We need a thread-safe map: for this, the Java API offers the concurrent hash map. It offers or overrides methods that are thread-safe.
With concurrent hash maps, the processWords()
function can be updated to:
fun processWords(words: BlockingQueue<String>,
frequencies: ConcurrentMap<String, Int>) {
val stopWords = read("stop_words.txt")
.flatMap { it.split(",") }
while (words.isNotEmpty()) {
val word = words.poll(1, TimeUnit.SECONDS)
if (word != null && !stopWords.contains(word))
frequencies.merge(word, 1) {
count, value -> count + value
}
}
}
Since frequencies are now combined in the previous function, the run()
function can be simplified:
val executorService = Executors.newFixedThreadPool(count)
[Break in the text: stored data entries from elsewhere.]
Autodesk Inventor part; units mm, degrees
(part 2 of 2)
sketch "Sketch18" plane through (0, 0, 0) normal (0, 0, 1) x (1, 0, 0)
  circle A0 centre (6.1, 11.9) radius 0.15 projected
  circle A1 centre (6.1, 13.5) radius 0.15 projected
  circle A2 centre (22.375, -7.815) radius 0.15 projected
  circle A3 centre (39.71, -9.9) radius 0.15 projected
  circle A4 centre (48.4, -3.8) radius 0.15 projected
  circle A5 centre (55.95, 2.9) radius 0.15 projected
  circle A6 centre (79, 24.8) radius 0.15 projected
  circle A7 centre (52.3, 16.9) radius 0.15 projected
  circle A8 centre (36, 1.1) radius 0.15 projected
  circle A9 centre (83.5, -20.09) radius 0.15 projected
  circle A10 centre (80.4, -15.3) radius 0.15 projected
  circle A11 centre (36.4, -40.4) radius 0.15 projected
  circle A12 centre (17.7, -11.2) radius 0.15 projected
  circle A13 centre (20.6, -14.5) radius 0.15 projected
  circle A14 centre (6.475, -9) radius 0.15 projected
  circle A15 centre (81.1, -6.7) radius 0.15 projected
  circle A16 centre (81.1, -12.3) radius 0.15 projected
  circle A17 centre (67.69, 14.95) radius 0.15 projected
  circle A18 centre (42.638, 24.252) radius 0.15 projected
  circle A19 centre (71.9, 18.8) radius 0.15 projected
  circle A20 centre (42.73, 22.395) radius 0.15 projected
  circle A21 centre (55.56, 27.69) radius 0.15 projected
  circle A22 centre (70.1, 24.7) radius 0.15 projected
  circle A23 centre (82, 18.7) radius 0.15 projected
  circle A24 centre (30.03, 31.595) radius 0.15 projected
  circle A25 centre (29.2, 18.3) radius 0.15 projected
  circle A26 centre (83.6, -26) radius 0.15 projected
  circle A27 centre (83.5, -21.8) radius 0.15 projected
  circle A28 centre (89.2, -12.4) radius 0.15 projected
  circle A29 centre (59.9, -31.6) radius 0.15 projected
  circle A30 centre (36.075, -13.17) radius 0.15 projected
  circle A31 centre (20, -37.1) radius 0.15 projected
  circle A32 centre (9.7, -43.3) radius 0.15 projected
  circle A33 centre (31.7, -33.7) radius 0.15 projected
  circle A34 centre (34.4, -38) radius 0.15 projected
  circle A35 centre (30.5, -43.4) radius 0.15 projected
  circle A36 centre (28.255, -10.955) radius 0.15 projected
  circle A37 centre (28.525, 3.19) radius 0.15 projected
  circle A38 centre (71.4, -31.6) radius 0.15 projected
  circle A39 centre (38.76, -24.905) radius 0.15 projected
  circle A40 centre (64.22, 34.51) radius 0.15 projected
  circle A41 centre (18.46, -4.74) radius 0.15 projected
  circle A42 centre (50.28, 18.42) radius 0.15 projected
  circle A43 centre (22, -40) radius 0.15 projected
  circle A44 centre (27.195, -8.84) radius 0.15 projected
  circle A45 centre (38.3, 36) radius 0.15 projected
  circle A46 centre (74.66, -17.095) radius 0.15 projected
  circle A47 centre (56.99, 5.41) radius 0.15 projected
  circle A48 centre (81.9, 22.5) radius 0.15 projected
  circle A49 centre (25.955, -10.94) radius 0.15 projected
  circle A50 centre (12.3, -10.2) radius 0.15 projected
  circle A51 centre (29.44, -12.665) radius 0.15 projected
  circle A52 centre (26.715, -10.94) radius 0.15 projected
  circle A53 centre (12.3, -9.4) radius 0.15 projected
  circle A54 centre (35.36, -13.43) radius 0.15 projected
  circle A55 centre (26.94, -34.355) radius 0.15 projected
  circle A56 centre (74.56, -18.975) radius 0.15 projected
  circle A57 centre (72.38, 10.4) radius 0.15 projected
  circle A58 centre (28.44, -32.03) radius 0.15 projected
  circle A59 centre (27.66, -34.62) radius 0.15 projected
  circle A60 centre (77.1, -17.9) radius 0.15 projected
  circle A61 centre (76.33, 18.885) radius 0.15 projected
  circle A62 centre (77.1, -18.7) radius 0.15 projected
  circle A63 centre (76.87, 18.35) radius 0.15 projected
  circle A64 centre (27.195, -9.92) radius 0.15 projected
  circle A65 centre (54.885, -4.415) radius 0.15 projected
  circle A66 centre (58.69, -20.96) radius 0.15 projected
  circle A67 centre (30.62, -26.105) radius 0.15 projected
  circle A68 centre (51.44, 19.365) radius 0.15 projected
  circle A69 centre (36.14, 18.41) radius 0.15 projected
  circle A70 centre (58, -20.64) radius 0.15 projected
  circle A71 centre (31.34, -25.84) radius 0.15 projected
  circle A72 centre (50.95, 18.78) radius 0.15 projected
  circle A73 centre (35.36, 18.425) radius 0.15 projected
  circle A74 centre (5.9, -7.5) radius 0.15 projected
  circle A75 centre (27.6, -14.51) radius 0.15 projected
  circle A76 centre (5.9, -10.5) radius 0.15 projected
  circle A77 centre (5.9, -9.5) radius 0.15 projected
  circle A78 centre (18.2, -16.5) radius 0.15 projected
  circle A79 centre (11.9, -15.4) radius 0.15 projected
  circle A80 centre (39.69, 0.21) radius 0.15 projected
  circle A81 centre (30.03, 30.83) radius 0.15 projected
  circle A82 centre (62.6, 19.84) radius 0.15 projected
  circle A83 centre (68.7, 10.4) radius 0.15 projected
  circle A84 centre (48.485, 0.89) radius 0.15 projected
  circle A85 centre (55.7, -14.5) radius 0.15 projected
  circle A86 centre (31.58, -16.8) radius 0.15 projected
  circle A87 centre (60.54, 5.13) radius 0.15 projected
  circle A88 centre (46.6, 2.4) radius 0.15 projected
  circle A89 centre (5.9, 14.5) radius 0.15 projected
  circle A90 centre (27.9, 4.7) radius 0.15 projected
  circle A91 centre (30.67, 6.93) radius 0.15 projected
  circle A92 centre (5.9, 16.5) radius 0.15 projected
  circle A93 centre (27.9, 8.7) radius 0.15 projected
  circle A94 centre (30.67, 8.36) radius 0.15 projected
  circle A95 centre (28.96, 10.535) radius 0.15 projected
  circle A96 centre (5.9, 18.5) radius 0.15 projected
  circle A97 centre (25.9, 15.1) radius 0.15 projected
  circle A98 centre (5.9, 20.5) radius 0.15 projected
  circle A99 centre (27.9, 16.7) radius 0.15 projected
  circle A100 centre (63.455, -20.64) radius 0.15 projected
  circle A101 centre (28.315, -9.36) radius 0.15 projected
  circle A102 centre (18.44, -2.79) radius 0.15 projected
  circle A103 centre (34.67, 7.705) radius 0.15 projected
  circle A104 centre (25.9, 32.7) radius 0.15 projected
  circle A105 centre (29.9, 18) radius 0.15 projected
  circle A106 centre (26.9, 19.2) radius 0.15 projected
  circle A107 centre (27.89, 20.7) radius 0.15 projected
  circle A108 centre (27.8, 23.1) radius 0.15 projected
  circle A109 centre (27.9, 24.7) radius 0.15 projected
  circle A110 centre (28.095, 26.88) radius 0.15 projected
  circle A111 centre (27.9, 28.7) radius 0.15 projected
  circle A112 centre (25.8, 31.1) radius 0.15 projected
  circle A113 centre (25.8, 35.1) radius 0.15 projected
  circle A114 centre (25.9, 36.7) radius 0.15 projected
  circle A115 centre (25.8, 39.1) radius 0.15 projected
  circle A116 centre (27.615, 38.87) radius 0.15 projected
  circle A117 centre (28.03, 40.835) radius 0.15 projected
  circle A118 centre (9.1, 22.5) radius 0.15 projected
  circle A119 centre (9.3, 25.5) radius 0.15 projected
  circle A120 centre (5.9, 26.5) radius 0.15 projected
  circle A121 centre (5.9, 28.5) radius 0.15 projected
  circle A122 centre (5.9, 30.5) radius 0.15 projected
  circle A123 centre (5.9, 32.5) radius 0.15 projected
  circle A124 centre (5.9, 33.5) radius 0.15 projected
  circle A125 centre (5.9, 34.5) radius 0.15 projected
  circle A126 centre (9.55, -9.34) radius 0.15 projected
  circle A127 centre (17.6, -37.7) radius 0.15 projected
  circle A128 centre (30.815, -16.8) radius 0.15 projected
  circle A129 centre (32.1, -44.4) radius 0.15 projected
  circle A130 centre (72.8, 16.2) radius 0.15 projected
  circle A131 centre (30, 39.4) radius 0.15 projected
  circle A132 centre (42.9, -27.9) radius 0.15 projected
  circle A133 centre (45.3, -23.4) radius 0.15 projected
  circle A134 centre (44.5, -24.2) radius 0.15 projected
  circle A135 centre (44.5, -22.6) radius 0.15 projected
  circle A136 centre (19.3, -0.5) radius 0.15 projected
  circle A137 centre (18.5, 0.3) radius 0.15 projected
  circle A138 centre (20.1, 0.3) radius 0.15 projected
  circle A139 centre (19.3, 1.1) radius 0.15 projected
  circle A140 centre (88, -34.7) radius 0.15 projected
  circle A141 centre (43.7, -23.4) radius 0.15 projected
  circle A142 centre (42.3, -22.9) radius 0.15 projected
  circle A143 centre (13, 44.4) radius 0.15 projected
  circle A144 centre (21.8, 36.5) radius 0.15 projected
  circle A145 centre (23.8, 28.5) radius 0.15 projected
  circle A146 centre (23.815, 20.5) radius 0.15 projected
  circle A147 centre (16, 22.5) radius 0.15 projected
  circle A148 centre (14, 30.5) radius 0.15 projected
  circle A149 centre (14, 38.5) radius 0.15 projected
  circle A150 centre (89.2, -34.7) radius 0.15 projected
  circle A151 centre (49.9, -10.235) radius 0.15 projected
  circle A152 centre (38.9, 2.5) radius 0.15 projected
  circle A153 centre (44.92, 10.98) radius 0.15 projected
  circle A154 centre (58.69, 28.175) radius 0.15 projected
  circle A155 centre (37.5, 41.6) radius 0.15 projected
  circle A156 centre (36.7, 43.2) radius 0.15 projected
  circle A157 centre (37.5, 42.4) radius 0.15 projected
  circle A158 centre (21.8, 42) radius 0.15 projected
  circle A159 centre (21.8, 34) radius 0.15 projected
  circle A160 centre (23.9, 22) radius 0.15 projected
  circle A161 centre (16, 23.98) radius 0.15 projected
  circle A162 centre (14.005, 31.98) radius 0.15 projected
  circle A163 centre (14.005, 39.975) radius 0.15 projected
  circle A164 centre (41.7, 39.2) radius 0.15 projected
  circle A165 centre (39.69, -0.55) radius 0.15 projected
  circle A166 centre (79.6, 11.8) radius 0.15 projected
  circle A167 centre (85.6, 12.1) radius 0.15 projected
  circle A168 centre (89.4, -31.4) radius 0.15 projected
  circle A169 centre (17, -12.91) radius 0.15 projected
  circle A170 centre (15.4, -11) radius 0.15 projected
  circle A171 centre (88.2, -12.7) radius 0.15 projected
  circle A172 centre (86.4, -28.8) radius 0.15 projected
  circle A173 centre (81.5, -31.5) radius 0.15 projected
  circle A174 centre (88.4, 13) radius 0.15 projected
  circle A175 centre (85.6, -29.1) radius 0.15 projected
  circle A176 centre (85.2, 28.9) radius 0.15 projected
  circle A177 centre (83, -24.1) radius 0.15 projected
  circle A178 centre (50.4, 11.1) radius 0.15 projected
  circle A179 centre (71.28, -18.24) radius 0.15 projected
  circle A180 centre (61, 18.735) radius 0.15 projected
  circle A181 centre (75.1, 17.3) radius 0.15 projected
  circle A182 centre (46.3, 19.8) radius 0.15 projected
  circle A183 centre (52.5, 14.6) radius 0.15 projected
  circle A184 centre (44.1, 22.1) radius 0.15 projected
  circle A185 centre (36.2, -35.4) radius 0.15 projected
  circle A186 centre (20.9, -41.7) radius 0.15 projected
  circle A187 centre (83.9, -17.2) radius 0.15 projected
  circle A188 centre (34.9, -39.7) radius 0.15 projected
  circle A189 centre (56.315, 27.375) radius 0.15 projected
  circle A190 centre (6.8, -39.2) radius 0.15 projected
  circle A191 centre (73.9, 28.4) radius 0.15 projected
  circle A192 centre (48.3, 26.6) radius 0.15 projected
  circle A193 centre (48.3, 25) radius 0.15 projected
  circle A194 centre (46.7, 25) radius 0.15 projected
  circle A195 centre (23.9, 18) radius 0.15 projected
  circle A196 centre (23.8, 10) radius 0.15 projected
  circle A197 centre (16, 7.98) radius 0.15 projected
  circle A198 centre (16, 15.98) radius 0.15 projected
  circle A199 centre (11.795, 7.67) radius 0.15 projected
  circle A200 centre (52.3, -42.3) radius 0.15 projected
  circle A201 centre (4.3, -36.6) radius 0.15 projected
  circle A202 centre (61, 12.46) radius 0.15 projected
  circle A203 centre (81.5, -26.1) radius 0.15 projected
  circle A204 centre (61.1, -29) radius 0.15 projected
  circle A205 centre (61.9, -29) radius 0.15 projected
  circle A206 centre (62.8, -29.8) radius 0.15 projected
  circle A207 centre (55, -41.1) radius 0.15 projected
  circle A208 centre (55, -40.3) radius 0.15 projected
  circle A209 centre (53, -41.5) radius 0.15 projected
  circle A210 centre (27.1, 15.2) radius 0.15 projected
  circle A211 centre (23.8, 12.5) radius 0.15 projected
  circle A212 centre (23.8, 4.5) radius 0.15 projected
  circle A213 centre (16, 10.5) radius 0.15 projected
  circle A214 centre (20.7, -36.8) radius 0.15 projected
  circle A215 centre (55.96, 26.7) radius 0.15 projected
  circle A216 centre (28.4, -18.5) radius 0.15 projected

val callables = IntRange(1, 4).map { _ ->
{ processWords(wordSpace, freqSpace) }
}.map { Executors.callable(it) }
executorService.invokeAll(callables)
return freqSpace
.toList()
.sortedByDescending { it.second }
.take(25)
.toMap()
The share-nothing benefit
Sharing data among threads requires to synchronize thread access. In turn, this requires locks and impacts performances. Concurrency experts now this: the best way to avoid concurrency issues is to avoid working on shared data when possible. In our case, the words space is shared among all threads for no good reason.
To avoid locks, we could split the words into lists, and send a list to a each thread to be processed separately:
val count = 4
val callables = words.chunked(words.size / count) (1)
.map { Runnable { processWords(it, freqSpace) }} (2)
.map { Executors.callable(it) } (3)
val executorService = Executors.newFixedThreadPool(count) (3)
executorService.invokeAll(callables) (3)
1 | Create chunks of nearly-equivalent size out of the overall words list |
2 | Map each chunk to a Runnable .
Note that explicitly assigning the lambda to a Runnable is not strictly necessary, it improves readability |
3 | The rest of the code is as before |
Conclusion
Concurrent code is hard to write, hard to reason about, and bugs are more likely to occur. Java provides thread-safe dedicated data structures to lessen the burden, even a bit.
Finally, the best way to completely avoid those issues is to completely avoid sharing data. Be sure to have that as your fist option when possible.